- [DATA TO EXAMINE]
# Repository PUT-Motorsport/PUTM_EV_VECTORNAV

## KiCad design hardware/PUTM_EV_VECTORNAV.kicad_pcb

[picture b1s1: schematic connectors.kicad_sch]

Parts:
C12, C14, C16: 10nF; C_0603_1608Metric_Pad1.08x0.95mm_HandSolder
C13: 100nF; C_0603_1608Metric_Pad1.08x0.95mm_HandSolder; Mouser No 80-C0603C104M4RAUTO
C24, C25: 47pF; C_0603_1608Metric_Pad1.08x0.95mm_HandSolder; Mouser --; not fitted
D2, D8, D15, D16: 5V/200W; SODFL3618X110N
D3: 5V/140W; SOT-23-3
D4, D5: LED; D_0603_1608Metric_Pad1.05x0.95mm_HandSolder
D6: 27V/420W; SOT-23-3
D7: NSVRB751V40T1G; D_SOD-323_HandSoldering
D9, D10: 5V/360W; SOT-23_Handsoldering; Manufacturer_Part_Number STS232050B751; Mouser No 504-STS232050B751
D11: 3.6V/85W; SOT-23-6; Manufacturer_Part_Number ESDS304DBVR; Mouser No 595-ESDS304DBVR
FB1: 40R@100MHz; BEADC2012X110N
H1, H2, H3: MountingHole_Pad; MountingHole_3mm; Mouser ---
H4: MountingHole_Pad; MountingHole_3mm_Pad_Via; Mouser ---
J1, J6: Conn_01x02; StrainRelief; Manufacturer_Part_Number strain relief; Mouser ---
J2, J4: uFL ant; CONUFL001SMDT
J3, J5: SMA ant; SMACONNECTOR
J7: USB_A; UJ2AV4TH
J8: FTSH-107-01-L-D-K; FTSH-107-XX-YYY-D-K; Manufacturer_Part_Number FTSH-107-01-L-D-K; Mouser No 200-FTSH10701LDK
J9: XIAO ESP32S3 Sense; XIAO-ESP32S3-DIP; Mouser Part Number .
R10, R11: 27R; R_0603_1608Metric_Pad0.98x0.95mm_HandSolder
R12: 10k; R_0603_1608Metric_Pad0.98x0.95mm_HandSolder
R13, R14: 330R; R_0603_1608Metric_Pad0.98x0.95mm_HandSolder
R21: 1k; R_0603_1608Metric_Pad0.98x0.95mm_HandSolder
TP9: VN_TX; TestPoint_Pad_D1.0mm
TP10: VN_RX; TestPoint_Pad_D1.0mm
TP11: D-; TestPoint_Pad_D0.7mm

- [TASK PROMPT]
Repeat exactly the lines of the listing from its first line through the line that holds "[picture b1s1: schematic". Nothing else should appear.

- [SOLUTION TO THIS EXERCISE]
# Repository PUT-Motorsport/PUTM_EV_VECTORNAV

## KiCad design hardware/PUTM_EV_VECTORNAV.kicad_pcb

[picture b1s1: schematic connectors.kicad_sch]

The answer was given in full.